Pipeline architecture

Idempotent writes — safe to re-run Incremental ingestion — only new data processed

How it works

Data Sources — where the raw inputs come from

Public market feeds (YFinance) and curated historical CSV files from local exchanges (e.g., Casablanca) provide raw OHLCV inputs. The system currently supports equities and indices and is designed to add futures or other asset classes as data availability improves.

Extraction & Normalisation — turning heterogeneous feeds into a canonical series

Raw records are fetched, aligned, and mapped to a canonical OHLCV schema with explicit metadata fields (source, retrieval time, value_kind). Normalisation includes parsing timestamps, renaming columns, filling obvious gaps, and enforcing sanity checks (for example, high ≥ low). This step is critical: credible analytics require consistent, provenance-rich inputs.

Idempotent Loader — safe, efficient persistence

Clean records are written to PostgreSQL using bulk operations with unique constraints and upsert semantics (ON CONFLICT DO NOTHING / controlled upserts). Idempotency ensures re-running jobs does not create duplicates; incremental ingestion consults each asset’s last stored date to fetch only new observations, keeping runs efficient and bounded.

Quant Engines — reproducible analytics

Engines are implemented as parameterised Python/Pandas functions with explicit inputs and outputs. They compute returns (simple/log), realised and EWMA volatility, rolling correlations, beta estimates, and drawdowns. Jobs run engines against canonical series and persist results to derived tables using the same idempotent patterns.

API — programmatic access to observability signals

A lightweight HTTP API exposes time-series slices, asset metadata, and pre-computed analytics for dashboards, reproducible reports, and external consumers. Endpoints are designed for clarity (time range, asset id, metric) and provenance (version, parameters used).

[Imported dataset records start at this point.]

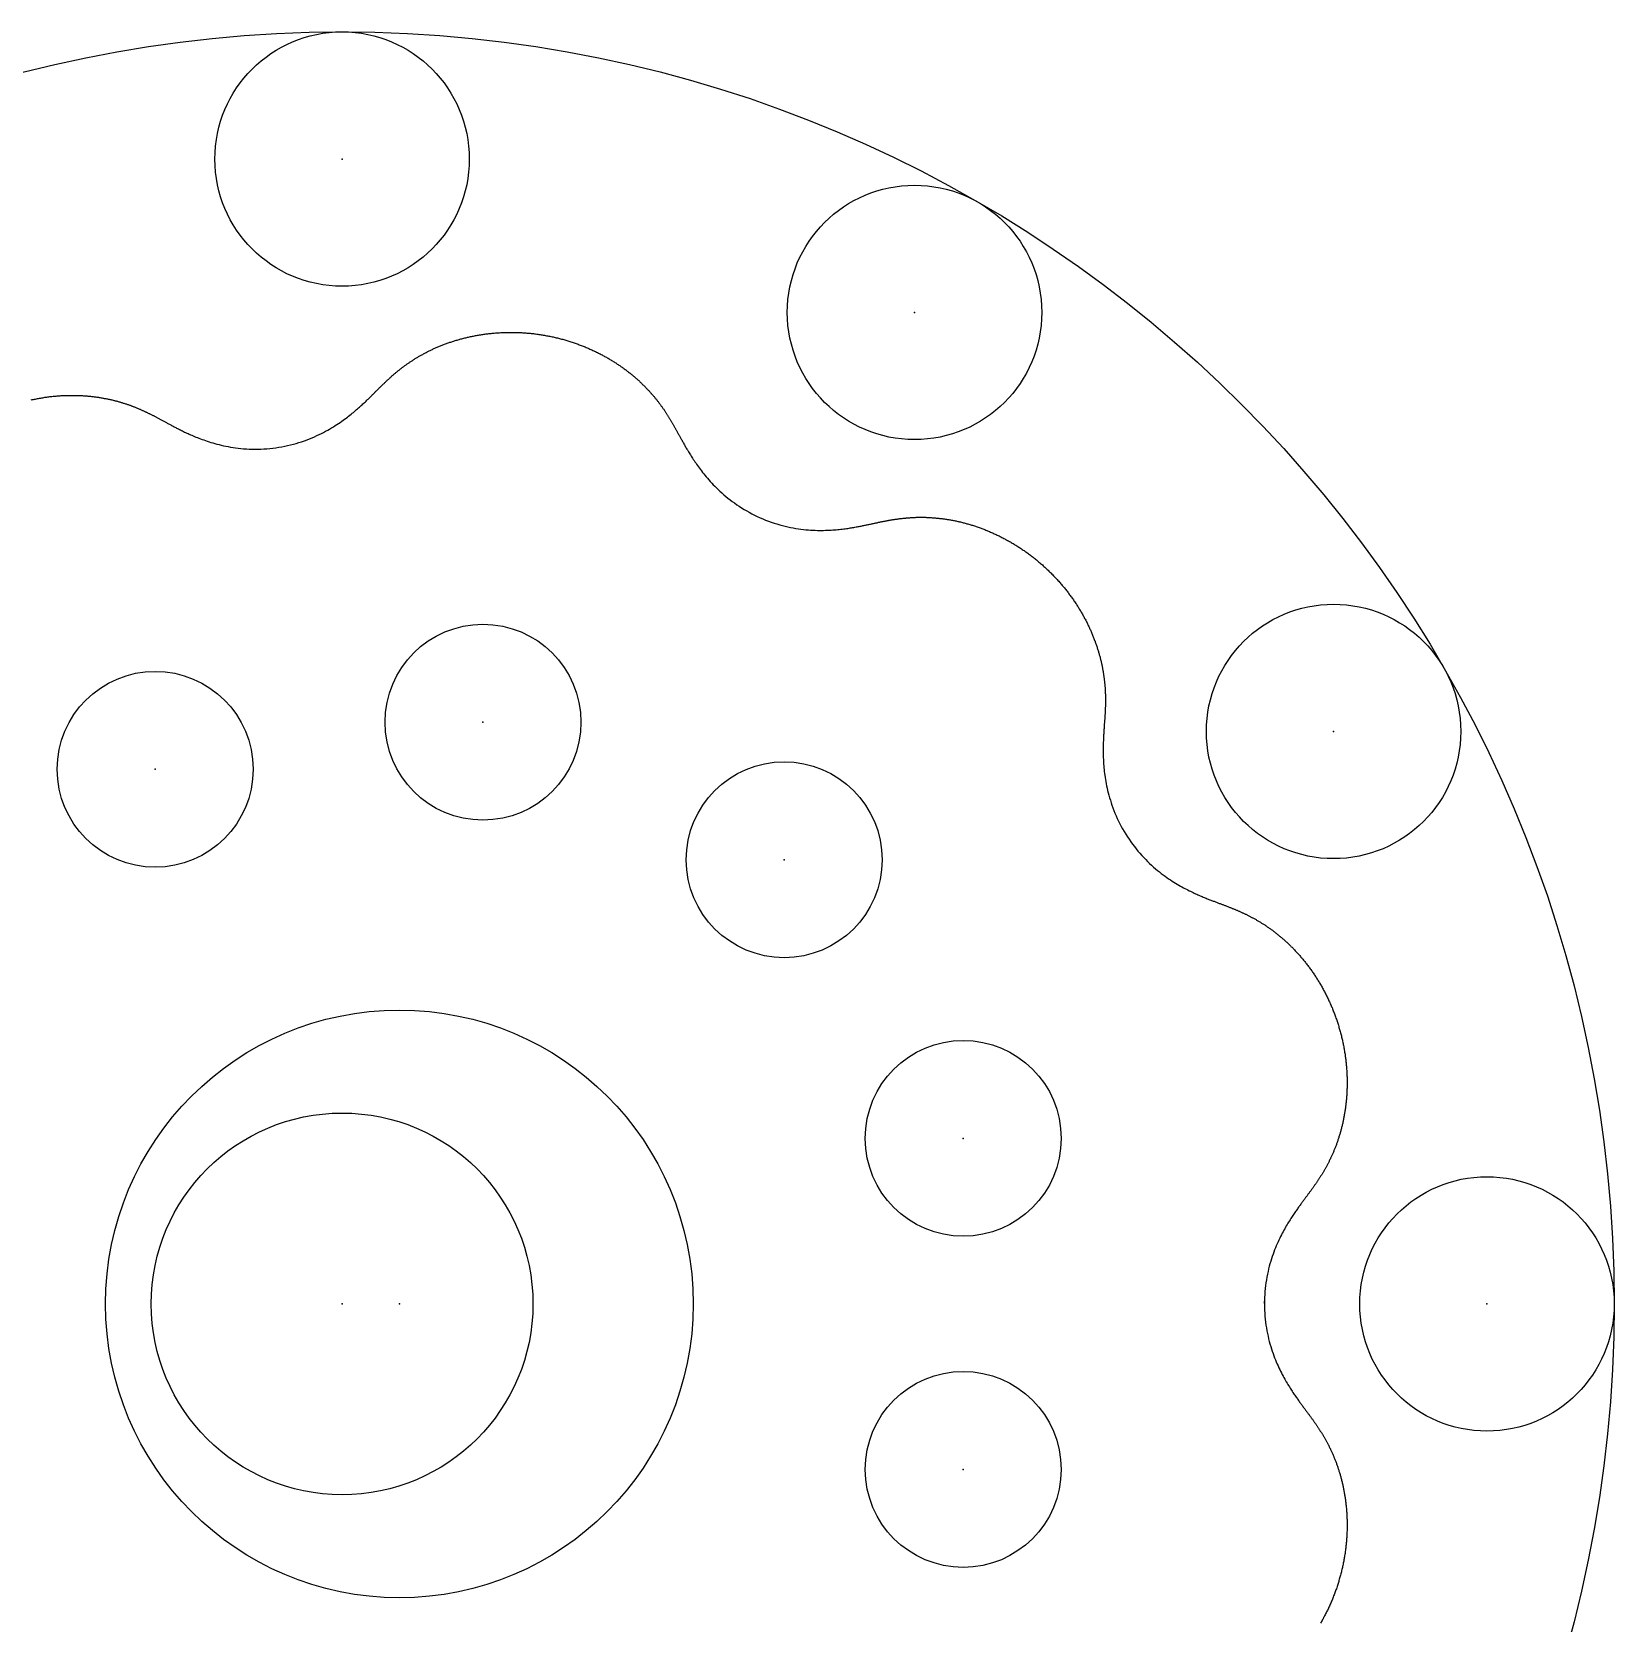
# Model space of a CAD drawing. Header units: metres. Extents: x -15 to 15, y -15 to 15.
# Drawn here: x -3.66 to 15, y -3.76 to 15 of the extents above; entities that cross this region are included whole.
import ezdxf

# ---------------------------------------------------------------- set-up
doc = ezdxf.new("R2010")
doc.units = ezdxf.units.M

msp = doc.modelspace()

# ---------------------------------------------------------------- linework, layer by layer
at = {"color": 1}
msp.add_lwpolyline([(-3.665, 10.66), (-3.653, 10.663), (-3.641, 10.665), (-3.628, 10.668), (-3.616, 10.67), (-3.604, 10.673), (-3.591, 10.675), (-3.579, 10.677), (-3.567, 10.68), (-3.554, 10.682), (-3.542, 10.684), (-3.53, 10.686), (-3.518, 10.688), (-3.506, 10.69), (-3.493, 10.691), (-3.481, 10.693), (-3.469, 10.695), (-3.457, 10.696), (-3.445, 10.698), (-3.433, 10.699), (-3.421, 10.701), (-3.409, 10.702), (-3.397, 10.703), (-3.385, 10.704), (-3.373, 10.705), (-3.361, 10.706), (-3.349, 10.707), (-3.337, 10.708), (-3.325, 10.709), (-3.313, 10.71), (-3.301, 10.71), (-3.29, 10.711), (-3.278, 10.711), (-3.266, 10.712), (-3.254, 10.712), (-3.243, 10.713), (-3.231, 10.713), (-3.22, 10.713), (-3.208, 10.713), (-3.197, 10.713), (-3.185, 10.713), (-3.174, 10.713), (-3.162, 10.713), (-3.151, 10.713), (-3.14, 10.713), (-3.129, 10.713), (-3.117, 10.712), (-3.106, 10.712), (-3.095, 10.712), (-3.084, 10.711), (-3.073, 10.711), (-3.062, 10.71), (-3.051, 10.709), (-3.04, 10.709), (-3.029, 10.708), (-3.019, 10.707), (-3.008, 10.706), (-2.997, 10.705), (-2.987, 10.704), (-2.976, 10.703), (-2.965, 10.702), (-2.955, 10.701), (-2.945, 10.7), (-2.934, 10.699), (-2.924, 10.697), (-2.914, 10.696), (-2.903, 10.695), (-2.893, 10.693), (-2.883, 10.692), (-2.873, 10.69), (-2.863, 10.689), (-2.853, 10.687), (-2.843, 10.685), (-2.833, 10.684), (-2.823, 10.682), (-2.814, 10.68), (-2.804, 10.678), (-2.794, 10.677), (-2.785, 10.675), (-2.775, 10.673), (-2.766, 10.671), (-2.757, 10.669), (-2.747, 10.667), (-2.738, 10.665), (-2.729, 10.663), (-2.72, 10.661), (-2.71, 10.659), (-2.701, 10.656), (-2.692, 10.654), (-2.683, 10.652), (-2.675, 10.65), (-2.666, 10.647), (-2.657, 10.645), (-2.648, 10.643), (-2.64, 10.64), (-2.631, 10.638), (-2.622, 10.635), (-2.614, 10.633), (-2.605, 10.63), (-2.597, 10.628), (-2.589, 10.625), (-2.58, 10.623), (-2.572, 10.62), (-2.564, 10.618), (-2.556, 10.615), (-2.548, 10.612), (-2.54, 10.61), (-2.532, 10.607), (-2.524, 10.604), (-2.516, 10.601), (-2.508, 10.599), (-2.501, 10.596), (-2.493, 10.593), (-2.485, 10.59), (-2.478, 10.587), (-2.47, 10.584), (-2.463, 10.582), (-2.455, 10.579), (-2.448, 10.576), (-2.44, 10.573), (-2.433, 10.57), (-2.426, 10.567), (-2.418, 10.564), (-2.411, 10.561), (-2.404, 10.558), (-2.397, 10.555), (-2.39, 10.552), (-2.383, 10.549), (-2.376, 10.546), (-2.369, 10.543), (-2.362, 10.54), (-2.355, 10.536), (-2.348, 10.533), (-2.341, 10.53), (-2.334, 10.527), (-2.327, 10.524), (-2.32, 10.521), (-2.313, 10.517), (-2.306, 10.514), (-2.3, 10.511), (-2.293, 10.508), (-2.286, 10.504), (-2.279, 10.501), (-2.272, 10.498), (-2.266, 10.494), (-2.259, 10.491), (-2.252, 10.488), (-2.245, 10.484), (-2.239, 10.481), (-2.232, 10.477), (-2.225, 10.474), (-2.218, 10.47), (-2.211, 10.467), (-2.204, 10.463), (-2.197, 10.459), (-2.19, 10.456), (-2.183, 10.452), (-2.176, 10.448), (-2.169, 10.445), (-2.162, 10.441), (-2.155, 10.437), (-2.148, 10.433), (-2.14, 10.429), (-2.133, 10.425), (-2.126, 10.421), (-2.118, 10.417), (-2.111, 10.413), (-2.103, 10.409), (-2.095, 10.405), (-2.087, 10.4), (-2.079, 10.396), (-2.071, 10.392), (-2.063, 10.387), (-2.054, 10.383), (-2.046, 10.378), (-2.037, 10.373), (-2.029, 10.369), (-2.02, 10.364), (-2.01, 10.359), (-2.001, 10.354), (-1.992, 10.349), (-1.982, 10.344), (-1.972, 10.338), (-1.962, 10.333), (-1.951, 10.328), (-1.941, 10.322), (-1.93, 10.317), (-1.918, 10.311), (-1.907, 10.305), (-1.895, 10.299), (-1.883, 10.293), (-1.871, 10.287), (-1.858, 10.281), (-1.845, 10.275), (-1.831, 10.268), (-1.817, 10.262), (-1.803, 10.256), (-1.788, 10.249), (-1.773, 10.242), (-1.757, 10.235), (-1.741, 10.229), (-1.724, 10.222), (-1.707, 10.215), (-1.689, 10.208), (-1.67, 10.201), (-1.651, 10.194), (-1.632, 10.187), (-1.612, 10.18), (-1.591, 10.172), (-1.569, 10.166), (-1.547, 10.159), (-1.524, 10.152), (-1.501, 10.145), (-1.476, 10.138), (-1.451, 10.132), (-1.425, 10.126), (-1.399, 10.12), (-1.372, 10.114), (-1.344, 10.109), (-1.315, 10.104), (-1.286, 10.099), (-1.256, 10.094), (-1.225, 10.091), (-1.193, 10.087), (-1.161, 10.084), (-1.129, 10.082), (-1.096, 10.08), (-1.062, 10.079), (-1.028, 10.079), (-0.994, 10.079), (-0.959, 10.08), (-0.924, 10.081), (-0.889, 10.084), (-0.853, 10.087), (-0.818, 10.091), (-0.783, 10.095), (-0.747, 10.101), (-0.712, 10.107), (-0.677, 10.113), (-0.643, 10.121), (-0.609, 10.129), (-0.575, 10.138), (-0.542, 10.147), (-0.509, 10.157), (-0.477, 10.167), (-0.445, 10.178), (-0.414, 10.189), (-0.384, 10.201), (-0.355, 10.213), (-0.326, 10.225), (-0.298, 10.238), (-0.271, 10.251), (-0.245, 10.263), (-0.219, 10.277), (-0.194, 10.29), (-0.17, 10.303), (-0.147, 10.316), (-0.125, 10.329), (-0.103, 10.343), (-0.082, 10.356), (-0.062, 10.369), (-0.042, 10.382), (-0.023, 10.394), (-0.005, 10.407), (0.013, 10.42), (0.03, 10.432), (0.046, 10.444), (0.062, 10.456), (0.077, 10.468), (0.092, 10.48), (0.106, 10.491), (0.12, 10.502), (0.134, 10.513), (0.146, 10.524), (0.159, 10.535), (0.171, 10.545), (0.183, 10.555), (0.194, 10.565), (0.205, 10.575), (0.216, 10.584), (0.226, 10.594), (0.236, 10.603), (0.246, 10.612), (0.255, 10.621), (0.265, 10.63), (0.274, 10.638), (0.282, 10.646), (0.291, 10.655), (0.299, 10.663), (0.307, 10.67), (0.315, 10.678), (0.323, 10.686), (0.331, 10.693), (0.338, 10.701), (0.345, 10.708), (0.353, 10.715), (0.36, 10.722), (0.367, 10.729), (0.373, 10.735), (0.38, 10.742), (0.387, 10.749), (0.393, 10.755), (0.399, 10.761), (0.406, 10.768), (0.412, 10.774), (0.418, 10.78), (0.424, 10.786), (0.43, 10.792), (0.436, 10.798), (0.442, 10.804), (0.448, 10.809), (0.454, 10.815), (0.46, 10.821), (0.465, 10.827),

Quant engines — at a glance

Category What it computes Example use
Returns Simple, log and cumulative returns; rolling multi-period returns Asset performance, benchmark-relative returns
Volatility Realised (rolling) and EWMA volatility measures Detecting regime shifts, cross-sector risk comparisons
Correlation Rolling Pearson correlations between series Contagion detection and stress analysis
Beta Rolling market-sensitivity estimates Hedge ratio estimation and systematic risk decomposition
Rolling stats & drawdown Moving averages, z-scores, and drawdown calculations Signal smoothing, outlier detection, drawdown monitoring

Engines are declaratively scheduled; default configuration computes simple/log returns, 20‑day realised volatility, and a 20‑day EWMA volatility by default.

Current status

Implemented

  • Data extraction (YFinance, CSV)
  • Canonical normalisation (OHLCV schema & provenance)
  • Idempotent loader into PostgreSQL
  • Asset management and metadata
  • Quant engine execution and persistence (returns, volatility, correlation, beta, drawdown)
  • HTTP API exposing time-series and aggregated metrics

In progress / planned

  • Expanded automated test coverage and CI
  • Production-grade logging, monitoring and alerting
  • Orchestration for scheduled incremental runs and DAGs
  • Tighter integration with report-generation tooling

Design principles

Reproducible by design

Every analytical step is versioned, parameterised, and re-runnable; claims must be auditable.

Incremental & idempotent

Safe to re-run daily: database constraints and upserts prevent duplication.

Modular & composable

Extractors, normalisers, engines, and storage are separated so components can evolve independently.

Transparent & inspectable

Code, assumptions, and provenance are recorded to build trust with researchers and supervisors.

Technology stack

  • Data processing: Python (Pandas, NumPy)
  • Database: PostgreSQL (SQLAlchemy)
  • Sources: YFinance, Casablanca CSV feeds
  • Execution: Python runner with idempotent upserts
  • API: FastAPI (Uvicorn)
  • Migrations & CI: Alembic, GitHub

Source code

The full source is maintained in the private repository during the early build-out phase: View atlasvanguard-core on GitHub (member access during early phase)

Access is currently restricted to members. Public access will follow as part of the roadmap.